Generally, the font bounding box is the outline of all glyph bounding boxes, with all offsets taken into account. Due to some large glyphs (e.g. for '@' and '|'), the font bounding box can be quite large - larger than typical character pitch or line height.

There are some fonts, where the font bounding box is a bit larger than the outline of all contained glyphs. This happens, when glyphs are removed. However, this makes no difference in font decoding or display.

Fonts can be generated in different bounding box modes:

[t=1]: Transparent mode. All glyph bounding boxes are tight fit. This generates minimal flash memory footprint.
[h=2]: Height mode. All glyph bounding boxes are horizontally tight fit, but have the same height. This allows overwriting text lines without clearing.
[m=3]: Monospaced mode. All glyph bounding boxes have the same size, which is equal to font bounding box size.

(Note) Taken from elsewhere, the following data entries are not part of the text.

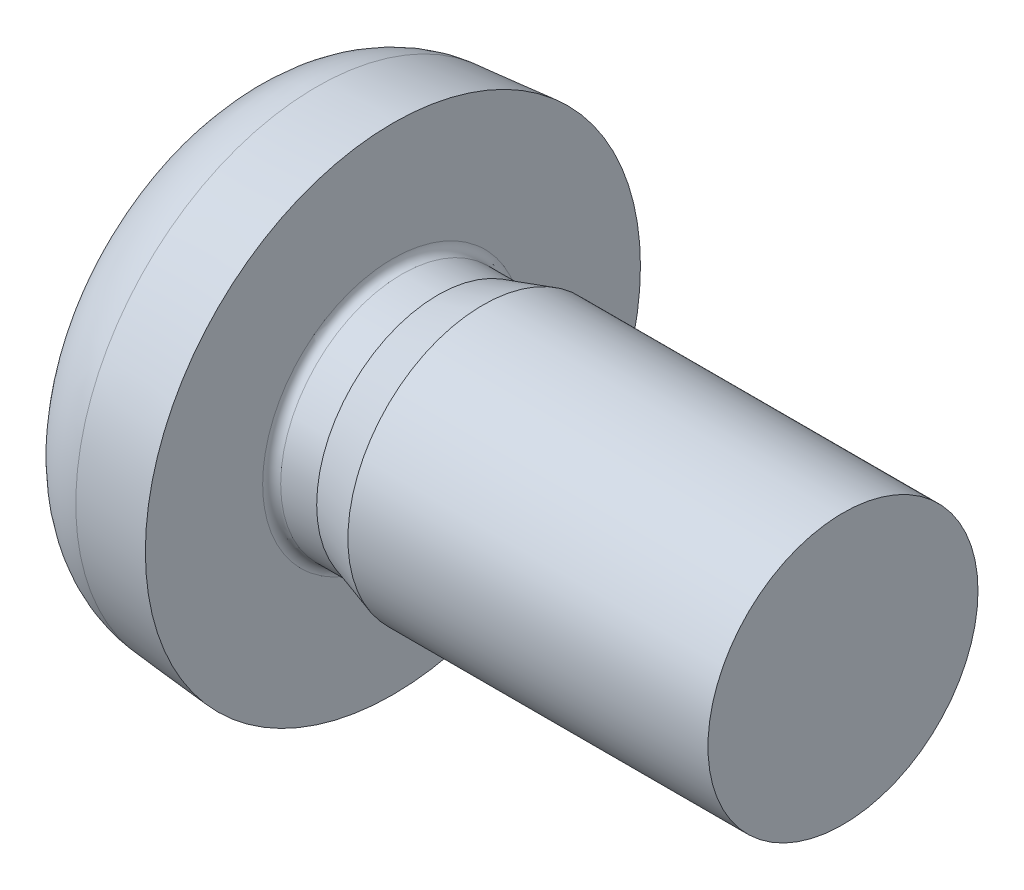
ISO-10303-21;
HEADER;
FILE_DESCRIPTION(('STEP AP214'),'2;1');
FILE_NAME('part.step','',(''),(''),'','','');
FILE_SCHEMA(('AUTOMOTIVE_DESIGN { 1 0 10303 214 1 1 1 1 }'));
ENDSEC;
DATA;
#1=APPLICATION_CONTEXT('core data for automotive mechanical design processes');
#2=APPLICATION_PROTOCOL_DEFINITION('international standard','automotive_design',2000,#1);
#3=PRODUCT_CONTEXT('',#1,'mechanical');
#4=PRODUCT('Part','Part','',(#3));
#5=PRODUCT_RELATED_PRODUCT_CATEGORY('part','',(#4));
#6=PRODUCT_DEFINITION_FORMATION('','',#4);
#7=PRODUCT_DEFINITION_CONTEXT('part definition',#1,'design');
#8=PRODUCT_DEFINITION('design','',#6,#7);
#9=PRODUCT_DEFINITION_SHAPE('','',#8);
#10=(LENGTH_UNIT() NAMED_UNIT(*) SI_UNIT(.MILLI.,.METRE.));
#11=(NAMED_UNIT(*) PLANE_ANGLE_UNIT() SI_UNIT($,.RADIAN.));
#12=(NAMED_UNIT(*) SI_UNIT($,.STERADIAN.) SOLID_ANGLE_UNIT());
#13=UNCERTAINTY_MEASURE_WITH_UNIT(LENGTH_MEASURE(1.E-05),#10,'distance_accuracy_value','');
#14=(GEOMETRIC_REPRESENTATION_CONTEXT(3) GLOBAL_UNCERTAINTY_ASSIGNED_CONTEXT((#13)) GLOBAL_UNIT_ASSIGNED_CONTEXT((#10,
#11,#12)) REPRESENTATION_CONTEXT('',''));
#15=CARTESIAN_POINT('',(0.,0.,0.));
#16=DIRECTION('',(0.,0.,1.));
#17=DIRECTION('',(1.,0.,0.));
#18=AXIS2_PLACEMENT_3D('',#15,#16,#17);
#19=CARTESIAN_POINT('',(-1.,0.,0.));
#20=DIRECTION('',(1.,0.,0.));
#21=DIRECTION('',(0.,0.,-1.));
#22=AXIS2_PLACEMENT_3D('',#19,#20,#21);
#23=PLANE('',#22);
#24=DIRECTION('',(0.,-1.,0.));
#25=VECTOR('',#24,1.);
#26=CARTESIAN_POINT('',(-1.,0.916666666666667,0.36666666666666));
#27=LINE('',#26,#25);
#28=CARTESIAN_POINT('',(-1.,0.916666666666667,0.36666666666666));
#29=VERTEX_POINT('',#28);
#30=CARTESIAN_POINT('',(-1.,1.8,0.36666666666666));
#31=VERTEX_POINT('',#30);
#32=EDGE_CURVE('E152',#29,#31,#27,.F.);
#33=ORIENTED_EDGE('',*,*,#32,.T.);
#34=DIRECTION('',(0.,0.,1.));
#35=VECTOR('',#34,1.);
#36=CARTESIAN_POINT('',(-1.,1.8,0.36666666666666));
#37=LINE('',#36,#35);
#38=CARTESIAN_POINT('',(-1.,1.8,-0.366666666666681));
#39=VERTEX_POINT('',#38);
#40=EDGE_CURVE('E147',#31,#39,#37,.F.);
#41=ORIENTED_EDGE('',*,*,#40,.T.);
#42=DIRECTION('',(0.,1.,0.));
#43=VECTOR('',#42,1.);
#44=CARTESIAN_POINT('',(-1.,1.8,-0.366666666666681));
#45=LINE('',#44,#43);
#46=CARTESIAN_POINT('',(-1.,0.916666666666666,-0.366666666666682));
#47=VERTEX_POINT('',#46);
#48=EDGE_CURVE('E149',#39,#47,#45,.F.);
#49=ORIENTED_EDGE('',*,*,#48,.T.);
#50=CARTESIAN_POINT('',(-1.,0.916666666666666,-0.916666666666681));
#51=DIRECTION('',(-1.,0.,0.));
#52=DIRECTION('',(0.,0.,1.));
#53=AXIS2_PLACEMENT_3D('',#50,#51,#52);
#54=CIRCLE('',#53,0.55);
#55=CARTESIAN_POINT('',(-1.,0.366666666666667,-0.916666666666682));
#56=VERTEX_POINT('',#55);
#57=EDGE_CURVE('E179',#56,#47,#54,.T.);
#58=ORIENTED_EDGE('',*,*,#57,.F.);
#59=DIRECTION('',(0.,0.,1.));
#60=VECTOR('',#59,1.);
#61=CARTESIAN_POINT('',(-1.,0.366666666666667,-0.916666666666681));
#62=LINE('',#61,#60);
#63=CARTESIAN_POINT('',(-1.,0.366666666666667,-1.8));
#64=VERTEX_POINT('',#63);
#65=EDGE_CURVE('E182',#56,#64,#62,.F.);
#66=ORIENTED_EDGE('',*,*,#65,.T.);
#67=DIRECTION('',(0.,1.,0.));
#68=VECTOR('',#67,1.);
#69=CARTESIAN_POINT('',(-1.,0.366666666666666,-1.8));
#70=LINE('',#69,#68);
#71=CARTESIAN_POINT('',(-1.,-0.366666666666667,-1.8));
#72=VERTEX_POINT('',#71);
#73=EDGE_CURVE('E129',#64,#72,#70,.F.);
#74=ORIENTED_EDGE('',*,*,#73,.T.);
#75=DIRECTION('',(0.,0.,-1.));
#76=VECTOR('',#75,1.);
#77=CARTESIAN_POINT('',(-1.,-0.366666666666667,-1.8));
#78=LINE('',#77,#76);
#79=CARTESIAN_POINT('',(-1.,-0.366666666666667,-0.916666666666681));
#80=VERTEX_POINT('',#79);
#81=EDGE_CURVE('E125',#72,#80,#78,.F.);
#82=ORIENTED_EDGE('',*,*,#81,.T.);
#83=CARTESIAN_POINT('',(-1.,-0.916666666666667,-0.916666666666681));
#84=DIRECTION('',(-1.,0.,0.));
#85=DIRECTION('',(0.,0.,1.));
#86=AXIS2_PLACEMENT_3D('',#83,#84,#85);
#87=CIRCLE('',#86,0.55);
#88=CARTESIAN_POINT('',(-1.,-0.916666666666667,-0.366666666666681));
#89=VERTEX_POINT('',#88);
#90=EDGE_CURVE('E21',#89,#80,#87,.T.);
#91=ORIENTED_EDGE('',*,*,#90,.F.);
#92=DIRECTION('',(0.,1.,0.));
#93=VECTOR('',#92,1.);
#94=CARTESIAN_POINT('',(-1.,-0.916666666666666,-0.366666666666681));
#95=LINE('',#94,#93);
#96=CARTESIAN_POINT('',(-1.,-1.8,-0.366666666666681));
#97=VERTEX_POINT('',#96);
#98=EDGE_CURVE('E133',#89,#97,#95,.F.);
#99=ORIENTED_EDGE('',*,*,#98,.T.);
#100=DIRECTION('',(0.,0.,-1.));
#101=VECTOR('',#100,1.);
#102=CARTESIAN_POINT('',(-1.,-1.8,-0.366666666666681));
#103=LINE('',#102,#101);
#104=CARTESIAN_POINT('',(-1.,-1.8,0.366666666666667));
#105=VERTEX_POINT('',#104);
#106=EDGE_CURVE('E137',#97,#105,#103,.F.);
#107=ORIENTED_EDGE('',*,*,#106,.T.);
#108=DIRECTION('',(0.,-1.,0.));
#109=VECTOR('',#108,1.);
#110=CARTESIAN_POINT('',(-1.,-1.8,0.366666666666667));
#111=LINE('',#110,#109);
#112=CARTESIAN_POINT('',(-1.,-0.916666666666668,0.366666666666667));
#113=VERTEX_POINT('',#112);
#114=EDGE_CURVE('E190',#105,#113,#111,.F.);
#115=ORIENTED_EDGE('',*,*,#114,.T.);
#116=CARTESIAN_POINT('',(-1.,-0.916666666666668,0.916666666666667));
#117=DIRECTION('',(-1.,0.,0.));
#118=DIRECTION('',(0.,0.,1.));
#119=AXIS2_PLACEMENT_3D('',#116,#117,#118);
#120=CIRCLE('',#119,0.55);
#121=CARTESIAN_POINT('',(-1.,-0.366666666666667,0.916666666666667));
#122=VERTEX_POINT('',#121);
#123=EDGE_CURVE('E328',#122,#113,#120,.T.);
#124=ORIENTED_EDGE('',*,*,#123,.F.);
#125=DIRECTION('',(0.,0.,-1.));
#126=VECTOR('',#125,1.);
#127=CARTESIAN_POINT('',(-1.,-0.366666666666667,0.916666666666667));
#128=LINE('',#127,#126);
#129=CARTESIAN_POINT('',(-1.,-0.366666666666667,1.8));
#130=VERTEX_POINT('',#129);
#131=EDGE_CURVE('E198',#122,#130,#128,.F.);
#132=ORIENTED_EDGE('',*,*,#131,.T.);
#133=DIRECTION('',(0.,1.,0.));
#134=VECTOR('',#133,1.);
#135=CARTESIAN_POINT('',(-1.,-0.366666666666667,1.8));
#136=LINE('',#135,#134);
#137=CARTESIAN_POINT('',(-1.,0.366666666666667,1.8));
#138=VERTEX_POINT('',#137);
#139=EDGE_CURVE('E202',#130,#138,#136,.T.);
#140=ORIENTED_EDGE('',*,*,#139,.T.);
#141=DIRECTION('',(0.,0.,1.));
#142=VECTOR('',#141,1.);
#143=CARTESIAN_POINT('',(-1.,0.366666666666667,1.8));
#144=LINE('',#143,#142);
#145=CARTESIAN_POINT('',(-1.,0.366666666666667,0.91666666666666));
#146=VERTEX_POINT('',#145);
#147=EDGE_CURVE('E205',#138,#146,#144,.F.);
#148=ORIENTED_EDGE('',*,*,#147,.T.);
#149=CARTESIAN_POINT('',(-1.,0.916666666666667,0.91666666666666));
#150=DIRECTION('',(-1.,0.,0.));
#151=DIRECTION('',(0.,0.,1.));
#152=AXIS2_PLACEMENT_3D('',#149,#150,#151);
#153=CIRCLE('',#152,0.55);
#154=EDGE_CURVE('E331',#29,#146,#153,.T.);
#155=ORIENTED_EDGE('',*,*,#154,.F.);
#156=EDGE_LOOP('',(#33,#41,#49,#58,#66,#74,#82,#91,#99,#107,#115,#124,#132,#140,#148,#155));
#157=FACE_BOUND('',#156,.T.);
#158=ADVANCED_FACE('F17',(#157),#23,.F.);
#159=CARTESIAN_POINT('',(-2.,-0.916666666666666,-0.366666666666681));
#160=DIRECTION('',(0.,0.,-1.));
#161=DIRECTION('',(0.,1.,0.));
#162=AXIS2_PLACEMENT_3D('',#159,#160,#161);
#163=PLANE('',#162);
#164=ORIENTED_EDGE('',*,*,#98,.F.);
#165=DIRECTION('',(-1.,0.,0.));
#166=VECTOR('',#165,1.);
#167=CARTESIAN_POINT('',(-2.,-0.916666666666667,-0.366666666666681));
#168=LINE('',#167,#166);
#169=CARTESIAN_POINT('',(-1.93002725664033,-0.916666666666667,-0.366666666666681));
#170=VERTEX_POINT('',#169);
#171=EDGE_CURVE('E187',#170,#89,#168,.F.);
#172=ORIENTED_EDGE('',*,*,#171,.F.);
#173=CARTESIAN_POINT('',(5.,0.,-0.366666666666682));
#174=DIRECTION('',(0.,0.,-1.));
#175=DIRECTION('',(0.,1.,0.));
#176=AXIS2_PLACEMENT_3D('',#173,#174,#175);
#177=CIRCLE('',#176,6.99039022913282);
#178=CARTESIAN_POINT('',(-1.75466916699521,-1.8,-0.366666666666681));
#179=VERTEX_POINT('',#178);
#180=EDGE_CURVE('E325',#179,#170,#177,.T.);
#181=ORIENTED_EDGE('',*,*,#180,.F.);
#182=DIRECTION('',(1.,0.,0.));
#183=VECTOR('',#182,1.);
#184=CARTESIAN_POINT('',(-2.,-1.8,-0.366666666666681));
#185=LINE('',#184,#183);
#186=EDGE_CURVE('E196',#179,#97,#185,.T.);
#187=ORIENTED_EDGE('',*,*,#186,.T.);
#188=EDGE_LOOP('',(#164,#172,#181,#187));
#189=FACE_BOUND('',#188,.T.);
#190=ADVANCED_FACE('F313',(#189),#163,.F.);
#191=CARTESIAN_POINT('',(-2.,-0.916666666666667,-0.916666666666681));
#192=DIRECTION('',(-1.,0.,0.));
#193=DIRECTION('',(0.,0.,1.));
#194=AXIS2_PLACEMENT_3D('',#191,#192,#193);
#195=CYLINDRICAL_SURFACE('',#194,0.55);
#196=CARTESIAN_POINT('',(-1.93002725664033,-0.916666666666667,-0.366666666666681));
#197=CARTESIAN_POINT('',(-1.93407227520159,-0.886112931984949,-0.366639615190067));
#198=CARTESIAN_POINT('',(-1.93777603133214,-0.855514124884462,-0.369211391563301));
#199=CARTESIAN_POINT('',(-1.94440928453483,-0.795093223472977,-0.379404826816264));
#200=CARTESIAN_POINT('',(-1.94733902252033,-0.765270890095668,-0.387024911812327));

Bounding box mode is the second last character of the font name (see font names).

Pitches and distances

Line pitch

For tabular data, the height of the font bounding box is a valid choice for the line pitch. For plain text, Ascents and descent of 'A', 'g' and '(', which are provided by the font header, can serve as base for typographically correct line pitch.

Horizontal pitch and line break

Horizontal pitch after each glyph is provided by the glyph header data.

No preparations for kerning have been taken. Advanced kerning could be implemented either manually by counting white space between glyphs in display memory and for calculating of kerning correction, or using kerning information, which is available for some BDF fonts, but exported in a separate file. However, one should avoid kerning on LCD screens for better readability.

For calculation of line breaks, the width and x-offset of the glyph bounding box are suitable.

Font Decoder

Glyph data (glyph header data as well as glyph bitmap) is stored in bit arrays independent of byte boundaries to minimize flash memory footprint (see section Glyph Data ). Each data can be accessed independently and stateless, since all offsets are provided by the font header. However, the decoder functions are designed to decode all glyph data in fixed sequence to increase efficiency.

A state variable of type u8g2_font_decode_t contains decoder state as well as decoded glyph header data. The functions u8g2_font_decode_get_unsigned_bits and u8g2_font_decode_get_signed_bits fetch the byte-independent data, store it to standard fixed-width integer types and update the decoder state variable.